Excerpts from a dataset
━━━━━━━━

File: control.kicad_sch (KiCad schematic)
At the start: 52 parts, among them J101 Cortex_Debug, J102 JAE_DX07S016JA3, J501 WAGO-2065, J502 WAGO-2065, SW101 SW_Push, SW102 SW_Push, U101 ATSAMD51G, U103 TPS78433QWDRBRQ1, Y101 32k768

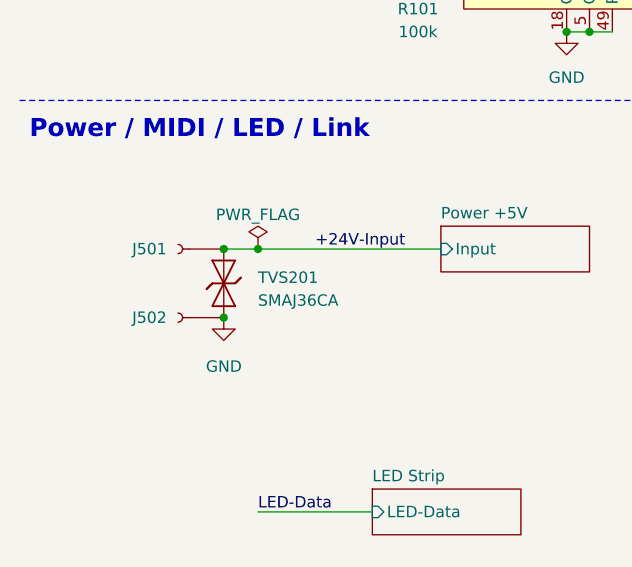
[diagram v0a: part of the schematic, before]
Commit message: Update to Kicad 8
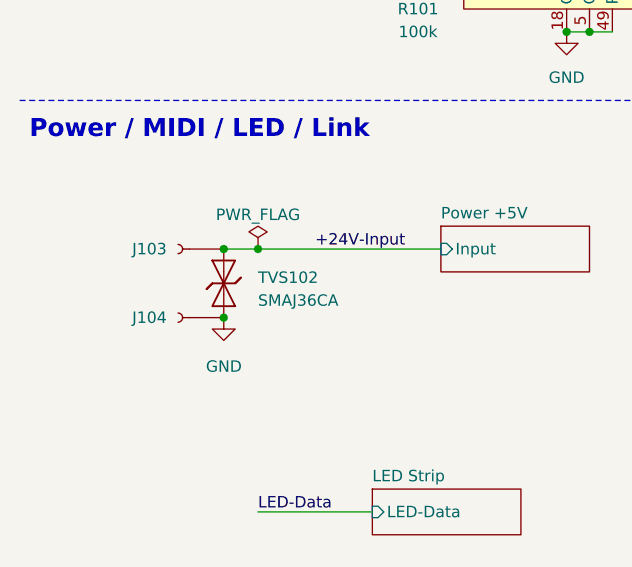
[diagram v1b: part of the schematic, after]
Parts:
- renumbered J501 to J103, J502 to J104, TVS201 to TVS102

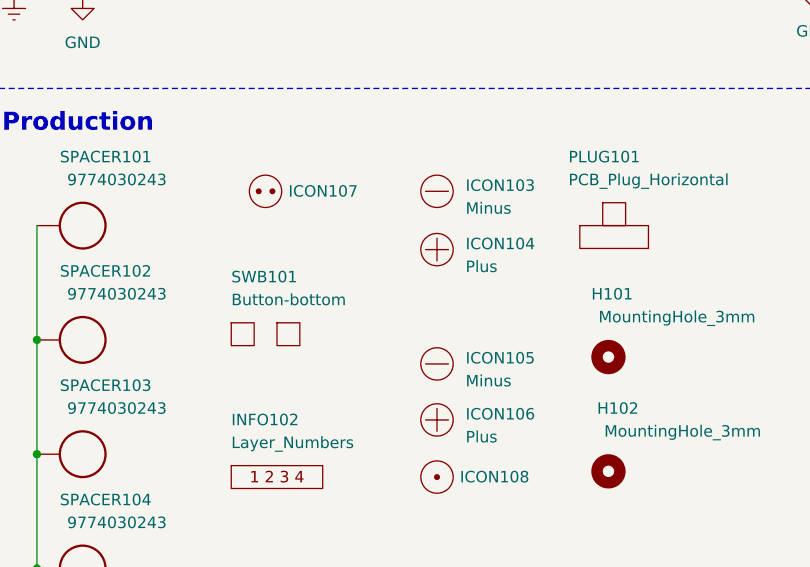
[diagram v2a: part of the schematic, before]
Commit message: Replace icons
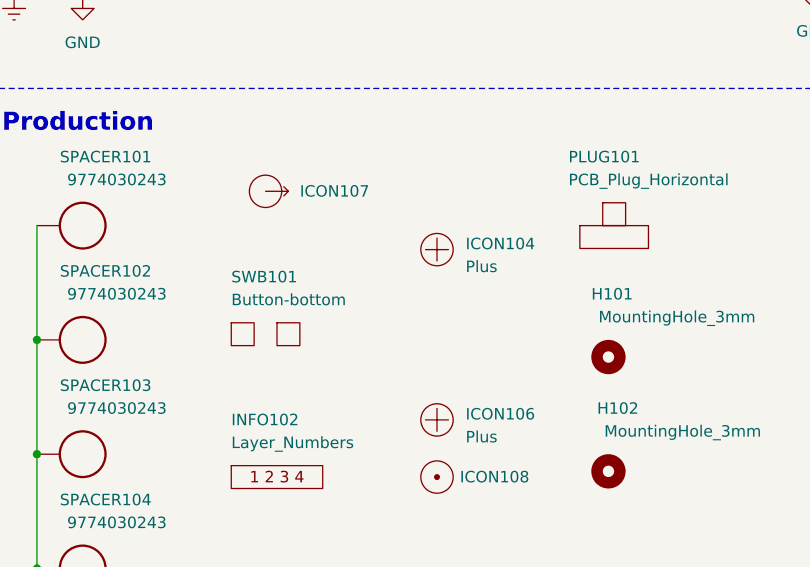
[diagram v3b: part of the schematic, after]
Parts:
- removed ICON103, ICON105: Minus, V2_Artwork:Minus_Small, symbol V2_Artwork:Minus
- removed ICON107: Socket, V2_Artwork:Socket_Small, symbol V2_Artwork:Socket
- added ICON107: Arrow_Out, V2_Artwork:Arrow_Out, symbol V2_Artwork:Arrow_Out
- U103: value TPS78433QWDRBRQ1 -> TPS78433QWDRBRQ1
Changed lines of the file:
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@@
 	)
 	(symbol
-		(lib_id "V2_Artwork:Minus")
-		(at 231.14 166.497 0)
-		(unit 1)
-		(exclude_from_sim no)
-		(in_bom no)
-		(on_board yes)
-		(dnp no)
-		(fields_autoplaced yes)
-		(property "Reference" "ICON105"
-			(at 234.315 165.862 0)
-			(effects
-				(font
-					(size 1.27 1.27)
-				)
-				(justify left)
-			)
-		)
-		(property "Value" "Minus"
-			(at 234.315 168.402 0)
-			(effects
-				(font
-					(size 1.27 1.27)
-				)
-				(justify left)
-			)
-		)
-		(property "Footprint" "V2_Artwork:Minus_Small"
-			(at 231.14 174.117 0)
-			(effects
-				(font
-					(size 1.27 1.27)
-				)
-				(hide yes)
-			)
-		)
-		(property "Datasheet" ""
-			(at 231.14 166.497 0)
-			(effects
-				(font
-					(size 1.27 1.27)
-				)
-				(hide yes)
-			)
-		)
-		(property "Description" ""
-			(at 231.14 166.497 0)
-			(effects
-				(font
-					(size 1.27 1.27)
-				)
-				(hide yes)
-			)
-		)
-		(property "Sim.Enable" "0"
-			(at 231.14 166.497 0)
-			(effects
-				(font
-					(size 1.27 1.27)
-				)
-				(hide yes)
-			)
-		)
-		(instances
-			(project "control"
-				(path "/6c8448b4-b04d-47e1-934e-e40cbe27a7be"
-					(reference "ICON105")
-					(unit 1)
-				)
-			)
-		)
-	)
-	(symbol
 		(lib_id "Device:C_Small")
 		(at 115.57 25.4 0)
@@
 	)
 	(symbol
-		(lib_id "V2_Artwork:Minus")
-		(at 231.14 147.32 0)
-		(unit 1)
-		(exclude_from_sim no)
-		(in_bom no)
-		(on_board yes)
-		(dnp no)
-		(fields_autoplaced yes)
-		(property "Reference" "ICON103"
-			(at 234.315 146.685 0)
-			(effects
-				(font
-					(size 1.27 1.27)
-				)
-				(justify left)
-			)
-		)
-		(property "Value" "Minus"
-			(at 234.315 149.225 0)
-			(effects
-				(font
-					(size 1.27 1.27)
-				)
-				(justify left)
-			)
-		)
-		(property "Footprint" "V2_Artwork:Minus_Small"
-			(at 231.14 154.94 0)
-			(effects
-				(font
-					(size 1.27 1.27)
-				)
-				(hide yes)
-			)
-		)
-		(property "Datasheet" ""
-			(at 231.14 147.32 0)
-			(effects
-				(font
-					(size 1.27 1.27)
-				)
-				(hide yes)
-			)
-		)
-		(property "Description" ""
-			(at 231.14 147.32 0)
-			(effects
-				(font
-					(size 1.27 1.27)
-				)
-				(hide yes)
-			)
-		)
-		(property "Sim.Enable" "0"
-			(at 231.14 147.32 0)
-			(effects
-				(font
-					(size 1.27 1.27)
-				)
-				(hide yes)
-			)
-		)
-		(instances
-			(project "control"
-				(path "/6c8448b4-b04d-47e1-934e-e40cbe27a7be"
-					(reference "ICON103")
-					(unit 1)
-				)
-			)
-		)
-	)
-	(symbol
 		(lib_id "V2_Production:Layer_Numbers")
 		(at 213.36 179.07 0)
 		(unit 1)
-		(exclude_from_sim no)
+		(exclude_from_sim yes)
 		(in_bom no)
 		(on_board yes)
@@
 		(at 250.19 178.435 0)
 		(unit 1)
-		(exclude_from_sim no)
+		(exclude_from_sim yes)
 		(in_bom no)
 		(on_board yes)
@@
 		(at 212.09 163.195 0)
 		(unit 1)
-		(exclude_from_sim no)
+		(exclude_from_sim yes)
 		(in_bom no)
 		(on_board yes)
@@
 		(at 250.825 151.13 0)
 		(unit 1)
-		(exclude_from_sim no)
+		(exclude_from_sim yes)
 		(in_bom no)
 		(on_board yes)
@@
 		(at 191.77 163.83 0)
 		(unit 1)
-		(exclude_from_sim no)
+		(exclude_from_sim yes)
 		(in_bom yes)
 		(on_board yes)
@@
 	)
 	(symbol
+		(lib_id "V2_Artwork:Arrow_Out")
+		(at 212.09 147.32 0)
+		(unit 1)
+		(exclude_from_sim no)
+		(in_bom no)
+		(on_board yes)
+		(dnp no)
+		(fields_autoplaced yes)
+		(property "Reference" "ICON107"
+			(at 215.9 147.3199 0)
+			(effects
+				(font
+					(size 1.27 1.27)
+				)
+				(justify left)
+			)
+		)
+		(property "Value" "Arrow_Out"
+			(at 209.55 152.4 0)
+			(effects
+				(font
+					(size 1.27 1.27)
+				)
+				(justify left bottom)
+				(hide yes)
+			)
+		)
+		(property "Footprint" "V2_Artwork:Arrow_Out"
+			(at 212.09 154.94 0)
+			(effects
+				(font
+					(size 1.27 1.27)
+				)
+				(hide yes)
+			)
+		)
+		(property "Datasheet" ""
+			(at 212.09 147.32 0)
+			(effects
+				(font
+					(size 1.27 1.27)
+				)
+				(hide yes)
+			)
+		)
+		(property "Description" ""
+			(at 212.09 147.32 0)
+			(effects
+				(font
+					(size 1.27 1.27)
+				)
+				(hide yes)
+			)
+		)
+		(property "Sim.Enable" "0"
+			(at 212.09 147.32 0)
+			(effects
+				(font
+					(size 1.27 1.27)
+				)
+				(hide yes)
+			)
+		)
+		(instances
+			(project ""
+				(path "/6c8448b4-b04d-47e1-934e-e40cbe27a7be"
+					(reference "ICON107")
+					(unit 1)
+				)
+			)
+		)
+	)
+	(symbol
 		(lib_id "power:PWR_FLAG")
 		(at 184.15 124.46 90)
@@
 		(at 127 97.79 0)
 		(unit 1)
-		(exclude_from_sim no)
+		(exclude_from_sim yes)
 		(in_bom no)
 		(on_board yes)
@@
 		(at 30.48 160.02 180)
 		(unit 1)
-		(exclude_from_sim no)
+		(exclude_from_sim yes)
 		(in_bom yes)
 		(on_board yes)
@@
 		(at 172.085 173.355 0)
 		(unit 1)
-		(exclude_from_sim no)
+		(exclude_from_sim yes)
 		(in_bom no)
 		(on_board yes)
@@
 		(at 191.77 176.53 0)
 		(unit 1)
-		(exclude_from_sim no)
+		(exclude_from_sim yes)
 		(in_bom yes)
 		(on_board yes)
@@
 	)
 	(symbol
-		(lib_id "V2_Artwork:Socket")
-		(at 212.09 147.32 0)
-		(unit 1)
-		(exclude_from_sim no)
-		(in_bom no)
-		(on_board yes)
-		(dnp no)
-		(fields_autoplaced yes)
-		(property "Reference" "ICON107"
-			(at 214.63 147.32 0)
-			(effects
-				(font
-					(size 1.27 1.27)
-				)
-				(justify left)
-			)
-		)
-		(property "Value" "Socket"
-			(at 209.55 152.4 0)
-			(effects
-				(font
-					(size 1.27 1.27)
-				)
-				(justify left bottom)
-				(hide yes)
-			)
-		)
-		(property "Footprint" "V2_Artwork:Socket_Small"
-			(at 212.09 154.94 0)
-			(effects
-				(font
-					(size 1.27 1.27)
-				)
-				(hide yes)
-			)
-		)
-		(property "Datasheet" ""
-			(at 211.9122 147.32 0)
-			(effects
-				(font
-					(size 1.27 1.27)
-				)
-				(hide yes)
-			)
-		)
-		(property "Description" ""
-			(at 212.09 147.32 0)
-			(effects
-				(font
-					(size 1.27 1.27)
-				)
-				(hide yes)
-			)
-		)
-		(property "Sim.Enable" "0"
-			(at 212.09 147.32 0)
-			(effects
-				(font
-					(size 1.27 1.27)
-				)
-				(hide yes)
-			)
-		)
-		(instances
-			(project "control"
-				(path "/6c8448b4-b04d-47e1-934e-e40cbe27a7be"
-					(reference "ICON107")
-					(unit 1)
-				)
-			)
-		)
-	)
-	(symbol
 		(lib_id "power:GND")
 		(at 247.65 27.94 270)
@@
 		(at 231.14 172.72 0)
 		(unit 1)
-		(exclude_from_sim no)
+		(exclude_from_sim yes)
 		(in_bom no)
 		(on_board yes)
@@
 		(at 172.72 186.69 0)
 		(unit 1)
-		(exclude_from_sim no)
+		(exclude_from_sim yes)
 		(in_bom no)
 		(on_board yes)
@@
 		(at 191.77 189.23 0)
 		(unit 1)
-		(exclude_from_sim no)
+		(exclude_from_sim yes)
 		(in_bom yes)
 		(on_board yes)
@@
 		(at 276.225 152.4 0)
 		(unit 1)
-		(exclude_from_sim no)
+		(exclude_from_sim yes)
 		(in_bom no)
 		(on_board yes)
@@
 		(at 250.19 165.735 0)
 		(unit 1)
-		(exclude_from_sim no)
+		(exclude_from_sim yes)
 		(in_bom no)
 		(on_board yes)
@@
 		(at 191.77 151.13 0)
 		(unit 1)
-		(exclude_from_sim no)
+		(exclude_from_sim yes)
 		(in_bom yes)
 		(on_board yes)
@@
 		(at 30.48 152.4 180)
 		(unit 1)
-		(exclude_from_sim no)
+		(exclude_from_sim yes)
 		(in_bom yes)
 		(on_board yes)
@@
 		(at 276.225 165.1 0)
 		(unit 1)
-		(exclude_from_sim no)
+		(exclude_from_sim yes)
 		(in_bom no)
 		(on_board yes)
@@
 		(at 191.77 102.87 0)
 		(unit 1)
-		(exclude_from_sim no)
+		(exclude_from_sim yes)
 		(in_bom yes)
 		(on_board yes)
@@
 		(at 231.14 179.07 0)
 		(unit 1)
-		(exclude_from_sim no)
+		(exclude_from_sim yes)
 		(in_bom no)
 		(on_board yes)
@@
 		(at 276.225 176.53 0)
 		(unit 1)
-		(exclude_from_sim no)
+		(exclude_from_sim yes)
 		(in_bom no)
 		(on_board yes)
@@
 			)
 		)
-		(property "Value" "TPS78433QWDRBRQ1 "
+		(property "Value" "TPS78433QWDRBRQ1"
 			(at 189.23 27.94 0)
 			(effects
@@
 		(at 231.14 153.797 0)
 		(unit 1)
-		(exclude_from_sim no)
+		(exclude_from_sim yes)
 		(in_bom no)
 		(on_board yes)
@@
 		(at 172.72 154.94 0)
 		(unit 1)
-		(exclude_from_sim no)
+		(exclude_from_sim yes)
 		(in_bom no)
 		(on_board yes)

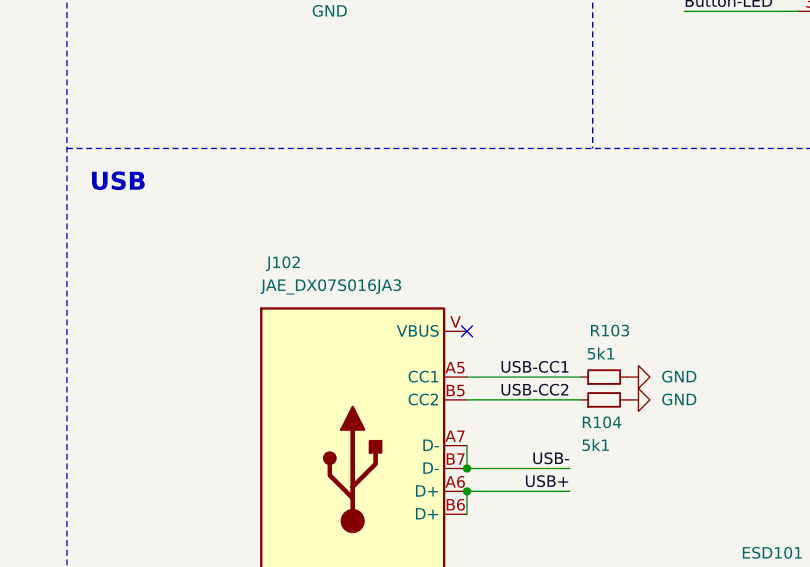
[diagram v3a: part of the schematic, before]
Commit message: Update TRS socket
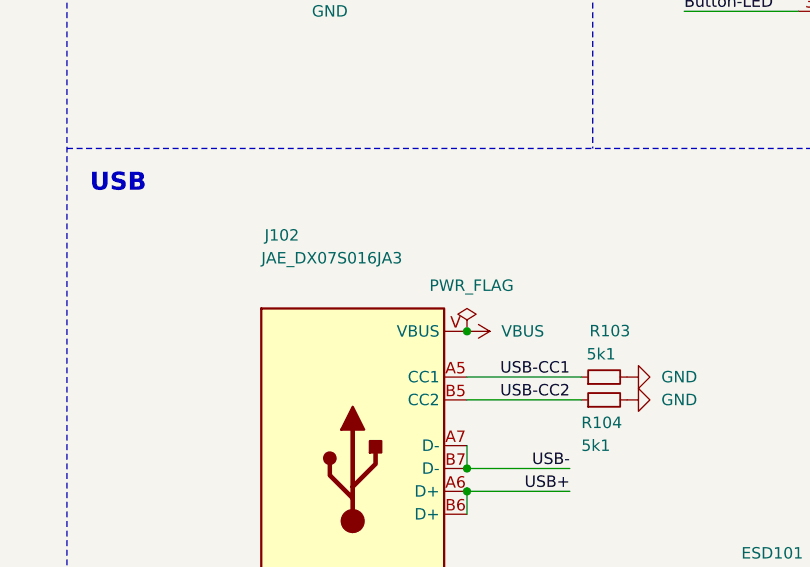
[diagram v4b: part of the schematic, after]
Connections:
- net VBUS: now reaches J102.V (VBUS)
- no-connect marks 26 -> 25
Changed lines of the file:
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@@
 	(title_block
 		(title "V2 control")
-		(date "2024-03-28")
-		(rev "4")
+		(date "2024-07-17")
+		(rev "5")
 		(company "Versio Duo")
 		(comment 1 "Instrument Controller")
@@
 	)
 	(junction
+		(at 204.47 87.63)
+		(diameter 0)
+		(color 0 0 0 0)
+	)
+	(junction
 		(at 186.69 189.23)
 		(diameter 0)
@@
 		(at 59.69 92.71)
 	)
-	(no_connect
-		(at 204.47 87.63)
-	)
 	(wire
 		(pts
@@
 		(at 213.36 179.07 0)
 		(unit 1)
-		(exclude_from_sim yes)
+		(exclude_from_sim no)
 		(in_bom no)
 		(on_board yes)
@@
 		(at 250.19 178.435 0)
 		(unit 1)
-		(exclude_from_sim yes)
+		(exclude_from_sim no)
 		(in_bom no)
 		(on_board yes)
@@
 		(at 212.09 163.195 0)
 		(unit 1)
-		(exclude_from_sim yes)
+		(exclude_from_sim no)
 		(in_bom no)
 		(on_board yes)
@@
 		(at 250.825 151.13 0)
 		(unit 1)
-		(exclude_from_sim yes)
+		(exclude_from_sim no)
 		(in_bom no)
 		(on_board yes)
@@
 		(at 191.77 163.83 0)
 		(unit 1)
-		(exclude_from_sim yes)
+		(exclude_from_sim no)
 		(in_bom yes)
 		(on_board yes)
@@
 		(at 127 97.79 0)
 		(unit 1)
-		(exclude_from_sim yes)
+		(exclude_from_sim no)
 		(in_bom no)
 		(on_board yes)
@@
 		(at 30.48 160.02 180)
 		(unit 1)
-		(exclude_from_sim yes)
+		(exclude_from_sim no)
 		(in_bom yes)
 		(on_board yes)
@@
 		(at 172.085 173.355 0)
 		(unit 1)
-		(exclude_from_sim yes)
+		(exclude_from_sim no)
 		(in_bom no)
 		(on_board yes)
@@
 		(at 191.77 176.53 0)
 		(unit 1)
-		(exclude_from_sim yes)
+		(exclude_from_sim no)
 		(in_bom yes)
 		(on_board yes)
@@
 		(at 231.14 172.72 0)
 		(unit 1)
-		(exclude_from_sim yes)
+		(exclude_from_sim no)
 		(in_bom no)
 		(on_board yes)
@@
 		(at 172.72 186.69 0)
 		(unit 1)
-		(exclude_from_sim yes)
+		(exclude_from_sim no)
 		(in_bom no)
 		(on_board yes)
@@
 		(at 191.77 189.23 0)
 		(unit 1)
-		(exclude_from_sim yes)
+		(exclude_from_sim no)
 		(in_bom yes)
 		(on_board yes)
@@
 	)
 	(symbol
+		(lib_id "power:PWR_FLAG")
+		(at 204.47 87.63 0)
+		(unit 1)
+		(exclude_from_sim no)
+		(in_bom yes)
+		(on_board yes)
+		(dnp no)
+		(property "Reference" "#FLG0104"
+			(at 204.47 85.725 0)
+			(effects
+				(font
+					(size 1.27 1.27)
+				)
+				(hide yes)
+			)
+		)
+		(property "Value" "PWR_FLAG"
+			(at 204.978 82.55 0)
+			(effects
+				(font
+					(size 1.27 1.27)
+				)
+			)
+		)
+		(property "Footprint" ""
+			(at 204.47 87.63 0)
+			(effects
+				(font
+					(size 1.27 1.27)
+				)
+				(hide yes)
+			)
+		)
+		(property "Datasheet" "~"
+			(at 204.47 87.63 0)
+			(effects
+				(font
+					(size 1.27 1.27)
+				)
+				(hide yes)
+			)
+		)
+		(property "Description" ""
+			(at 204.47 87.63 0)
+			(effects
+				(font
+					(size 1.27 1.27)
+				)
+				(hide yes)
+			)
+		)
+		(pin "1"
+		)
+		(instances
+			(project "control"
+				(path "/6c8448b4-b04d-47e1-934e-e40cbe27a7be"
+					(reference "#FLG0104")
+					(unit 1)
+				)
+			)
+		)
+	)
+	(symbol
 		(lib_id "Device:C_Small")
 		(at 175.26 39.37 0)
@@
 		(at 276.225 152.4 0)
 		(unit 1)
-		(exclude_from_sim yes)
+		(exclude_from_sim no)
 		(in_bom no)
 		(on_board yes)
@@
 	)
 	(symbol
+		(lib_id "power:VBUS")
+		(at 204.47 87.63 270)
+		(unit 1)
+		(exclude_from_sim no)
+		(in_bom yes)
+		(on_board yes)
+		(dnp no)
+		(fields_autoplaced yes)
+		(property "Reference" "#PWR0135"
+			(at 200.66 87.63 0)
+			(effects
+				(font
+					(size 1.27 1.27)
+				)
+				(hide yes)
+			)
+		)
+		(property "Value" "VBUS"
+			(at 208.28 87.6299 90)
+			(effects
+				(font
+					(size 1.27 1.27)
+				)
+				(justify left)
+			)
+		)
+		(property "Footprint" ""
+			(at 204.47 87.63 0)
+			(effects
+				(font
+					(size 1.27 1.27)
+				)
+				(hide yes)
+			)
+		)
+		(property "Datasheet" ""
+			(at 204.47 87.63 0)
+			(effects
+				(font
+					(size 1.27 1.27)
+				)
+				(hide yes)
+			)
+		)
+		(property "Description" "Power symbol creates a global label with name \"VBUS\""
+			(at 204.47 87.63 0)
+			(effects
+				(font
+					(size 1.27 1.27)
+				)
+				(hide yes)
+			)
+		)
+		(pin "1"
+		)
+		(instances
+			(project "control"
+				(path "/6c8448b4-b04d-47e1-934e-e40cbe27a7be"
+					(reference "#PWR0135")
+					(unit 1)
+				)
+			)
+		)
+	)
+	(symbol
 		(lib_id "power:Earth")
 		(at 184.15 125.73 0)
@@
 		(at 250.19 165.735 0)
 		(unit 1)
-		(exclude_from_sim yes)
+		(exclude_from_sim no)
 		(in_bom no)
 		(on_board yes)
@@
 		(at 191.77 151.13 0)
 		(unit 1)
-		(exclude_from_sim yes)
+		(exclude_from_sim no)
 		(in_bom yes)
 		(on_board yes)
@@
 		(at 30.48 152.4 180)
 		(unit 1)
-		(exclude_from_sim yes)
+		(exclude_from_sim no)
 		(in_bom yes)
 		(on_board yes)
@@
 		(at 276.225 165.1 0)
 		(unit 1)
-		(exclude_from_sim yes)
+		(exclude_from_sim no)
 		(in_bom no)
 		(on_board yes)
@@
 		(at 191.77 102.87 0)
 		(unit 1)
-		(exclude_from_sim yes)
+		(exclude_from_sim no)
 		(in_bom yes)
 		(on_board yes)
 		(dnp no)
 		(property "Reference" "J102"
-			(at 184.15 80.01 0)
+			(at 183.896 76.962 0)
 			(effects
 				(font
@@
 		)
 		(property "Value" "JAE_DX07S016JA3"
-			(at 181.61 82.55 0)
+			(at 181.61 79.502 0)
 			(effects
 				(font
@@
 		(at 231.14 179.07 0)
 		(unit 1)
-		(exclude_from_sim yes)
+		(exclude_from_sim no)
 		(in_bom no)
 		(on_board yes)
@@
 		(at 276.225 176.53 0)
 		(unit 1)
-		(exclude_from_sim yes)
+		(exclude_from_sim no)
 		(in_bom no)
 		(on_board yes)
@@
 		(at 231.14 153.797 0)
 		(unit 1)
-		(exclude_from_sim yes)
+		(exclude_from_sim no)
 		(in_bom no)
 		(on_board yes)
@@
 		(at 172.72 154.94 0)
 		(unit 1)
-		(exclude_from_sim yes)
+		(exclude_from_sim no)
 		(in_bom no)
 		(on_board yes)

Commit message: Refresh
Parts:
- removed C104: 0u1, Capacitor_SMD:C_0603_1608Metric, symbol Device:C_Small
- renumbered C103 to C101, C105 to C102, C106 to C103, C107 to C104, C108 to C105, C110 to C106, C109 to C107, C101 to C108, C102 to C109, C111 to C110, D102 to D101, D103 to D102, D101 to D103, ICON107 to ICON101, ICON104 to ICON102, ICON102 to ICON103, ICON106 to ICON104, ICON101 to ICON105, ICON108 to ICON106, INFO102 to INFO101, INFO101 to INFO102, R102 to R101, R105 to R102, R101 to R105, SW102 to SW101, SW101 to SW102, U103 to U101, U101 to U102
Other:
- moved on the sheet: C101

━━━━━━━━

YOUR GOAL
Please show each line in the records above that contains "diagram".

ANSWER TO THIS EXERCISE
[diagram v0a: part of the schematic, before]
[diagram v1b: part of the schematic, after]
[diagram v2a: part of the schematic, before]
[diagram v3b: part of the schematic, after]
[diagram v3a: part of the schematic, before]
[diagram v4b: part of the schematic, after]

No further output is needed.